# Task to complete:
Below are records; please set down exactly the lines from the first through the one containing "pipeline105/1(q) -> Gateway".

# Information given:
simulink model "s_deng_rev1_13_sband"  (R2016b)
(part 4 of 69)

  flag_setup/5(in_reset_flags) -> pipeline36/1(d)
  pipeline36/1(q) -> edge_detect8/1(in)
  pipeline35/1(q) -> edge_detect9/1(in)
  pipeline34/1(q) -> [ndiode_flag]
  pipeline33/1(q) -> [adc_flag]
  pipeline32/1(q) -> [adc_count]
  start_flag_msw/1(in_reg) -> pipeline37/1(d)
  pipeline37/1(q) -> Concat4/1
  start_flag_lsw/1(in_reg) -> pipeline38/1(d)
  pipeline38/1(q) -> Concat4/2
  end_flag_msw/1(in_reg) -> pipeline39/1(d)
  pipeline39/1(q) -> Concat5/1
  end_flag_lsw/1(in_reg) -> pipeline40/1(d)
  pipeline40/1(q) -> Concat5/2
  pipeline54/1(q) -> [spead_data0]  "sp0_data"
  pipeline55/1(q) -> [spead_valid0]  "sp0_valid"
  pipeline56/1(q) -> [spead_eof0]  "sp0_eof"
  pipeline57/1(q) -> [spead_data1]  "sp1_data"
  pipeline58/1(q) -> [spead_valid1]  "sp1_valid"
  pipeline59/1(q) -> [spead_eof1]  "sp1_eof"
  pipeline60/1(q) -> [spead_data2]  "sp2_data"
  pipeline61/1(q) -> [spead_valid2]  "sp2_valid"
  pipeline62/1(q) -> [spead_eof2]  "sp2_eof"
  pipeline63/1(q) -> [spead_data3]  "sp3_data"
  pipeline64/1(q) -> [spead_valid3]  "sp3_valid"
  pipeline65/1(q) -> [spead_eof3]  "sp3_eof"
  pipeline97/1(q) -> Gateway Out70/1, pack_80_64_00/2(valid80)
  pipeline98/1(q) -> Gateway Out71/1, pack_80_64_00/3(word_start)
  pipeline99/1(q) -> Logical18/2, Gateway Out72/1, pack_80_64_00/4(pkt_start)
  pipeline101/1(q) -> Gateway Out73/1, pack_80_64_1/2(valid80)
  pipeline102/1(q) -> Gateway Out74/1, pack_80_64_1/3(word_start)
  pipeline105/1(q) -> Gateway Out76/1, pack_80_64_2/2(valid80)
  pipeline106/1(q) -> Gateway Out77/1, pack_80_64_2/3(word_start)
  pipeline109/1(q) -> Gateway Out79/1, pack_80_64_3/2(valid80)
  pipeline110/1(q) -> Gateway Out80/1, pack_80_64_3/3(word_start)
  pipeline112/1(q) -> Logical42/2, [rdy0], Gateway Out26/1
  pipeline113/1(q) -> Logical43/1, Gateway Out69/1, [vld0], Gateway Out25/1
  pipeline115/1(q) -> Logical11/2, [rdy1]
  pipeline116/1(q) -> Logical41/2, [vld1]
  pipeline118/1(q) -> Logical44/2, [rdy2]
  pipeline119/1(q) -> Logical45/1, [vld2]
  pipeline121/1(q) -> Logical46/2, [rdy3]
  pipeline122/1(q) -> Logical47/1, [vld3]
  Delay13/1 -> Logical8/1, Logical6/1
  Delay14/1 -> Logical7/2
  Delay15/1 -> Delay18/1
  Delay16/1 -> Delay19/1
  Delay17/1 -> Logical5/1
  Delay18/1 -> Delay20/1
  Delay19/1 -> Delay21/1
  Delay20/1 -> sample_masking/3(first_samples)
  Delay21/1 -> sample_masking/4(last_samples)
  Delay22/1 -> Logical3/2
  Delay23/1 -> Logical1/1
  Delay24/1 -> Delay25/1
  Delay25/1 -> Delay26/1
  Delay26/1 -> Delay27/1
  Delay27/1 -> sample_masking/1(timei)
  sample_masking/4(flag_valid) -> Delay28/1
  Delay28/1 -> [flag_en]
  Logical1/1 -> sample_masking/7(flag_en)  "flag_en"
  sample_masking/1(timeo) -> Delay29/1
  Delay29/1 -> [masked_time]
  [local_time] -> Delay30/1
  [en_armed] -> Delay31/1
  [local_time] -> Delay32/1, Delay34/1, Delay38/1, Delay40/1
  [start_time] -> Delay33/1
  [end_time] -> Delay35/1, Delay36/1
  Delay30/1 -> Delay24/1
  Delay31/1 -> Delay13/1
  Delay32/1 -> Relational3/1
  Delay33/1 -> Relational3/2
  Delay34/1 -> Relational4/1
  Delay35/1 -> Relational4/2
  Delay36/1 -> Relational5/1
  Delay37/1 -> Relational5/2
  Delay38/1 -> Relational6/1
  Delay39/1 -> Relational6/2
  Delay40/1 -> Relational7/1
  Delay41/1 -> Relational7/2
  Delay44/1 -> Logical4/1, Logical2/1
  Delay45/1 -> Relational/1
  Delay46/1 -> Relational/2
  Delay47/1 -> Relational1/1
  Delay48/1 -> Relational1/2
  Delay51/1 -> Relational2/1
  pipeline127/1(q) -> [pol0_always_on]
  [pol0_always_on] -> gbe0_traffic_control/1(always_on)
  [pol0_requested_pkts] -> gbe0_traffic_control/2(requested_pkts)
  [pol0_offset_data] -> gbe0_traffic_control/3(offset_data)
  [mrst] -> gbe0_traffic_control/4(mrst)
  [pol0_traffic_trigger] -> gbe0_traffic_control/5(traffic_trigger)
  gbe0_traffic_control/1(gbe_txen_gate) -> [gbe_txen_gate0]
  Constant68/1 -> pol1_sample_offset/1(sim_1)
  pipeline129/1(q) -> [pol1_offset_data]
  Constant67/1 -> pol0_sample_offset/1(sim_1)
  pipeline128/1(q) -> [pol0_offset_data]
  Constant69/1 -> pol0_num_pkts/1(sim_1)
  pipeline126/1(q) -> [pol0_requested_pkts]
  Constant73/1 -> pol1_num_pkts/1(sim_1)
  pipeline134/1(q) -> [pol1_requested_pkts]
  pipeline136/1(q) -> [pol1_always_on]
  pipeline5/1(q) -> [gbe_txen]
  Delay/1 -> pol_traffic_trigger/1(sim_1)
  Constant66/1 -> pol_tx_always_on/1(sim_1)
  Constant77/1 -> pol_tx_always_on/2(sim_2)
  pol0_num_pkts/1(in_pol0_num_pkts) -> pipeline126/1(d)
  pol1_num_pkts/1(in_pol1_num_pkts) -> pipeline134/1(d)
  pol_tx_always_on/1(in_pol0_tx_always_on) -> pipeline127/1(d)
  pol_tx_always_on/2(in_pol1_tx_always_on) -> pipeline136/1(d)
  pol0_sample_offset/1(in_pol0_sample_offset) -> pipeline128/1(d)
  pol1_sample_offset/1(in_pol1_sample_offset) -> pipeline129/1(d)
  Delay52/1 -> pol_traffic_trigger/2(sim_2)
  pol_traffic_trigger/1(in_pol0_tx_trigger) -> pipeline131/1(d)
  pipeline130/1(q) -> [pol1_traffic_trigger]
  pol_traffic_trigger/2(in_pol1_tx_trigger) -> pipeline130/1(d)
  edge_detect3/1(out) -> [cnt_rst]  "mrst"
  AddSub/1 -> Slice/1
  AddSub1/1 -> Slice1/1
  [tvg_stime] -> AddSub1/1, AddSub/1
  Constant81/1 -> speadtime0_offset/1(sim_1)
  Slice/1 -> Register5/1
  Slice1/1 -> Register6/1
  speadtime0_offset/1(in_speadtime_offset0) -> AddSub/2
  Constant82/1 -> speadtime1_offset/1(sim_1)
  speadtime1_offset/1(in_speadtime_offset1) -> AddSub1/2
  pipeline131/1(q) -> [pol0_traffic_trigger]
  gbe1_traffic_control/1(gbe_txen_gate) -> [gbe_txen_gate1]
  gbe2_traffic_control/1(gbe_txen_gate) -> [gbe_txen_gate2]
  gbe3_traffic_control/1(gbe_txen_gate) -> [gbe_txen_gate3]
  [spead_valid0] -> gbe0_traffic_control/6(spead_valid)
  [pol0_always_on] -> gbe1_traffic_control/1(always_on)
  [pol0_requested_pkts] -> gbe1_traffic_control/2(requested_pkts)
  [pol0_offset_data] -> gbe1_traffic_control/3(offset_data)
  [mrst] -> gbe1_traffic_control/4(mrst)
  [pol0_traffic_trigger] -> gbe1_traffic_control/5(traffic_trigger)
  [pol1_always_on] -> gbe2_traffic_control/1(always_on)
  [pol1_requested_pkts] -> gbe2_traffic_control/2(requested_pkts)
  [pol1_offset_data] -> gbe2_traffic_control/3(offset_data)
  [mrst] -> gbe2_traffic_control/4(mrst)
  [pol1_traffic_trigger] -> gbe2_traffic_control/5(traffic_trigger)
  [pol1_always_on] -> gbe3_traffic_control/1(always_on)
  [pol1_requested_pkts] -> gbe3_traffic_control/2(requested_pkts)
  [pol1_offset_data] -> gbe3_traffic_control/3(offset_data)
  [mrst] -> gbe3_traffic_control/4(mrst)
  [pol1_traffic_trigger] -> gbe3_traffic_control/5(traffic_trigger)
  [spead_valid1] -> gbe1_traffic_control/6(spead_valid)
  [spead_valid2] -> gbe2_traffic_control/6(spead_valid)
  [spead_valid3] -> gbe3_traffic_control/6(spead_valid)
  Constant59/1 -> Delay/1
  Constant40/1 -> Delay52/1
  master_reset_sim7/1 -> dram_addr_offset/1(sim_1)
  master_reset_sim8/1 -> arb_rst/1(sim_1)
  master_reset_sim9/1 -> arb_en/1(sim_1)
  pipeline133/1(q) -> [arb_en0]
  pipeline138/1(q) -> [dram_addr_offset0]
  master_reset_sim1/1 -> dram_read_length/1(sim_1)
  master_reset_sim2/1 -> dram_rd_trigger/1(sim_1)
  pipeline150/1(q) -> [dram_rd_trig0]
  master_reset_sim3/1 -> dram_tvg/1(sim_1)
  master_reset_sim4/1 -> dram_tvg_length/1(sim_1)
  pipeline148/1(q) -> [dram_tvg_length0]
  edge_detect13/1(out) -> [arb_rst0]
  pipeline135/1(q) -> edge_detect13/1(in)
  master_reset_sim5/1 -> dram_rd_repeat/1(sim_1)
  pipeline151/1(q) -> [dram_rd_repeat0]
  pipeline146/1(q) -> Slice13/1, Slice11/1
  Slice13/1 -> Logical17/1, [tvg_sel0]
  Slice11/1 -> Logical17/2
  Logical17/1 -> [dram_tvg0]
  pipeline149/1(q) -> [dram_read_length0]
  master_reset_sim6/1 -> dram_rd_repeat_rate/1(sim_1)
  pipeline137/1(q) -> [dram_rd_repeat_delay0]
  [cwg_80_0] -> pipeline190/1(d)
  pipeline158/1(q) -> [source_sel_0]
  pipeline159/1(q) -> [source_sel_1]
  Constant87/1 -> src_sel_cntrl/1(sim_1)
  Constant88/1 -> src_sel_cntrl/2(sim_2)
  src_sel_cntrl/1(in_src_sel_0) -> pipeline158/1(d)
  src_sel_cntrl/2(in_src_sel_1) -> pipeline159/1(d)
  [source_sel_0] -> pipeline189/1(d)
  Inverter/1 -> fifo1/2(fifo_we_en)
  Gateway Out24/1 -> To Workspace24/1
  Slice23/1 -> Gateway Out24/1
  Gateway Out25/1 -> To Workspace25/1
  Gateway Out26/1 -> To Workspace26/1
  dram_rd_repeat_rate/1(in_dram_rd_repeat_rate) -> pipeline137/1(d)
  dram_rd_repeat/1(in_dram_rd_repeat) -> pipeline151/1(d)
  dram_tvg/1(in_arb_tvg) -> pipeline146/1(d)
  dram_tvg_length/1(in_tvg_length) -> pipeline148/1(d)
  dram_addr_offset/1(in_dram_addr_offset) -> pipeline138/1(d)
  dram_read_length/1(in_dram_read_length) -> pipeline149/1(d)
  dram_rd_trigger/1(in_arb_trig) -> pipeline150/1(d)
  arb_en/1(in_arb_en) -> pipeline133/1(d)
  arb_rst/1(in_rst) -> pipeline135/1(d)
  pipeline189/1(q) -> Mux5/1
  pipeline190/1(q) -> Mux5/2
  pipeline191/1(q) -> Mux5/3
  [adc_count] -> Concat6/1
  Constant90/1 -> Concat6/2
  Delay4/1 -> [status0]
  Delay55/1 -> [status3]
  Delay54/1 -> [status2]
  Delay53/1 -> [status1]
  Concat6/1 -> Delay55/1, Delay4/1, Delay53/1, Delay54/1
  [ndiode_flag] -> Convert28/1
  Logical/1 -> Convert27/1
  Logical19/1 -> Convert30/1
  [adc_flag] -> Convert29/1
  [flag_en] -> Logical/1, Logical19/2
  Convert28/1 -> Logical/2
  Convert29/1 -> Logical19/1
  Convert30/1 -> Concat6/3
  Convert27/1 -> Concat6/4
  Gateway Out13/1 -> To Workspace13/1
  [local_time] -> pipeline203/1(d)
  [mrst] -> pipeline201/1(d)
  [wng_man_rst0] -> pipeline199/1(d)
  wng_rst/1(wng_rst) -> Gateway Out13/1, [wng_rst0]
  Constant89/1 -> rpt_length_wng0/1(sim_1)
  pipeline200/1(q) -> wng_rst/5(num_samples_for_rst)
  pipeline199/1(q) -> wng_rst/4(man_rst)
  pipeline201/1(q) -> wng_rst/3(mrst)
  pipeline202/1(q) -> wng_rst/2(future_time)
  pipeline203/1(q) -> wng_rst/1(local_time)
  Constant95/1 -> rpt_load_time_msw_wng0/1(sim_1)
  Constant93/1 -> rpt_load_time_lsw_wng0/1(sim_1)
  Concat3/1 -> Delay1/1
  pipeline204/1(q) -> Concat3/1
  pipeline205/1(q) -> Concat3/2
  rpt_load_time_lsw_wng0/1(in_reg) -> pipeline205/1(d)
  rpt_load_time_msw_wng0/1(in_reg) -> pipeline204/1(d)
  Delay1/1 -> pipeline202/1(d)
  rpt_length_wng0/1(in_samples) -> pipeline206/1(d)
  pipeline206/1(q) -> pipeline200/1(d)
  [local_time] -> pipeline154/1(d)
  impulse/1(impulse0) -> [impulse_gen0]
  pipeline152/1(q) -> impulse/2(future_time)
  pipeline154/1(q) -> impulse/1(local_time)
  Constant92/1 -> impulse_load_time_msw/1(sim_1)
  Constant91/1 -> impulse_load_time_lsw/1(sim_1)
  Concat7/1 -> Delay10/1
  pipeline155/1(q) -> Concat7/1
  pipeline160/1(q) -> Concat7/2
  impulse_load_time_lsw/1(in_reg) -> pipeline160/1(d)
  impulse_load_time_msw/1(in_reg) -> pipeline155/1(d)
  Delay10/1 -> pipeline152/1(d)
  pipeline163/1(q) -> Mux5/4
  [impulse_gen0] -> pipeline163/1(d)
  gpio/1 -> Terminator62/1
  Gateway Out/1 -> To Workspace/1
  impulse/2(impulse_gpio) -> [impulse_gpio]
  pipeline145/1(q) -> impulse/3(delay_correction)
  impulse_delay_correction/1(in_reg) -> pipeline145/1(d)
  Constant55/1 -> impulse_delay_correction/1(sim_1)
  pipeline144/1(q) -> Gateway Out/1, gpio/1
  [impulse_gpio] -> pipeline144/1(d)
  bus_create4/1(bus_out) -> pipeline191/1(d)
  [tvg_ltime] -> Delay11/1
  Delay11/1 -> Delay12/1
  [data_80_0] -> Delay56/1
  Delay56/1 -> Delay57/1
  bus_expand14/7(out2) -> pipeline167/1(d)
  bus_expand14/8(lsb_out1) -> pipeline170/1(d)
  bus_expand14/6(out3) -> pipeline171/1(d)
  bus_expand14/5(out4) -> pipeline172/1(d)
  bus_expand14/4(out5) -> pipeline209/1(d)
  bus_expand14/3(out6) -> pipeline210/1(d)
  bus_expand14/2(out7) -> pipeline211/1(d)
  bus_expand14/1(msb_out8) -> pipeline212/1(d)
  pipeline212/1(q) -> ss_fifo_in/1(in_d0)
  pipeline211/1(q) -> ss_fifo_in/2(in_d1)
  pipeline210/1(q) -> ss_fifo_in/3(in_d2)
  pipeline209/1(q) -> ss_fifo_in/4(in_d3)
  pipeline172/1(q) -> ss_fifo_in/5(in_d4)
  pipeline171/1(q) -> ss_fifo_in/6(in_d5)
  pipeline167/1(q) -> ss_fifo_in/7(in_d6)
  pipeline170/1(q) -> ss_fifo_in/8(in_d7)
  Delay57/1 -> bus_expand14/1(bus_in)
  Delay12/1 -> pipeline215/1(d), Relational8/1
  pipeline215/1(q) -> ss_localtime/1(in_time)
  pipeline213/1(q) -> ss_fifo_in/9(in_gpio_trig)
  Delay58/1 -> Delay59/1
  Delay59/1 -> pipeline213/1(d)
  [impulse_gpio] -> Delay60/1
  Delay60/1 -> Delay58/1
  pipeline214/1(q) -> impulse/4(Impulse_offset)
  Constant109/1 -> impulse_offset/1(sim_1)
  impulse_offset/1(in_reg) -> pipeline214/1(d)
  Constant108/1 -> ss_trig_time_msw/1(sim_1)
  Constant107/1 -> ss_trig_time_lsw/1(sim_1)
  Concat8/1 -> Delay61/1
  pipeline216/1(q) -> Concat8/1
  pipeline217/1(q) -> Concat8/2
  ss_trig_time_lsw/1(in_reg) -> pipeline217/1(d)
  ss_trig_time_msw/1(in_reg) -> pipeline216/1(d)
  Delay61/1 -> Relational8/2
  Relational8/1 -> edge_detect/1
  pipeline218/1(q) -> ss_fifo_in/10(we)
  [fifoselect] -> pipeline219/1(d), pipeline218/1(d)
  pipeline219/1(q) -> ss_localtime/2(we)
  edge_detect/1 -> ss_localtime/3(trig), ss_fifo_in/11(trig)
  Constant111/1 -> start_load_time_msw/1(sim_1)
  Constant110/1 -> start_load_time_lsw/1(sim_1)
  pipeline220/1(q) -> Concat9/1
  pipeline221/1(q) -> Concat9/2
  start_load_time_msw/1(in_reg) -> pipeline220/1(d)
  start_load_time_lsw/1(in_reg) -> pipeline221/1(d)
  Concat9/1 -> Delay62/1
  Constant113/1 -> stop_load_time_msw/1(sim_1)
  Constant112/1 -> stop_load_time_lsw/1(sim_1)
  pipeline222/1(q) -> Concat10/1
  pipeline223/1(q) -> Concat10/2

# Response for this exercise:
simulink model "s_deng_rev1_13_sband"  (R2016b)
(part 4 of 69)

  flag_setup/5(in_reset_flags) -> pipeline36/1(d)
  pipeline36/1(q) -> edge_detect8/1(in)
  pipeline35/1(q) -> edge_detect9/1(in)
  pipeline34/1(q) -> [ndiode_flag]
  pipeline33/1(q) -> [adc_flag]
  pipeline32/1(q) -> [adc_count]
  start_flag_msw/1(in_reg) -> pipeline37/1(d)
  pipeline37/1(q) -> Concat4/1
  start_flag_lsw/1(in_reg) -> pipeline38/1(d)
  pipeline38/1(q) -> Concat4/2
  end_flag_msw/1(in_reg) -> pipeline39/1(d)
  pipeline39/1(q) -> Concat5/1
  end_flag_lsw/1(in_reg) -> pipeline40/1(d)
  pipeline40/1(q) -> Concat5/2
  pipeline54/1(q) -> [spead_data0]  "sp0_data"
  pipeline55/1(q) -> [spead_valid0]  "sp0_valid"
  pipeline56/1(q) -> [spead_eof0]  "sp0_eof"
  pipeline57/1(q) -> [spead_data1]  "sp1_data"
  pipeline58/1(q) -> [spead_valid1]  "sp1_valid"
  pipeline59/1(q) -> [spead_eof1]  "sp1_eof"
  pipeline60/1(q) -> [spead_data2]  "sp2_data"
  pipeline61/1(q) -> [spead_valid2]  "sp2_valid"
  pipeline62/1(q) -> [spead_eof2]  "sp2_eof"
  pipeline63/1(q) -> [spead_data3]  "sp3_data"
  pipeline64/1(q) -> [spead_valid3]  "sp3_valid"
  pipeline65/1(q) -> [spead_eof3]  "sp3_eof"
  pipeline97/1(q) -> Gateway Out70/1, pack_80_64_00/2(valid80)
  pipeline98/1(q) -> Gateway Out71/1, pack_80_64_00/3(word_start)
  pipeline99/1(q) -> Logical18/2, Gateway Out72/1, pack_80_64_00/4(pkt_start)
  pipeline101/1(q) -> Gateway Out73/1, pack_80_64_1/2(valid80)
  pipeline102/1(q) -> Gateway Out74/1, pack_80_64_1/3(word_start)
  pipeline105/1(q) -> Gateway Out76/1, pack_80_64_2/2(valid80)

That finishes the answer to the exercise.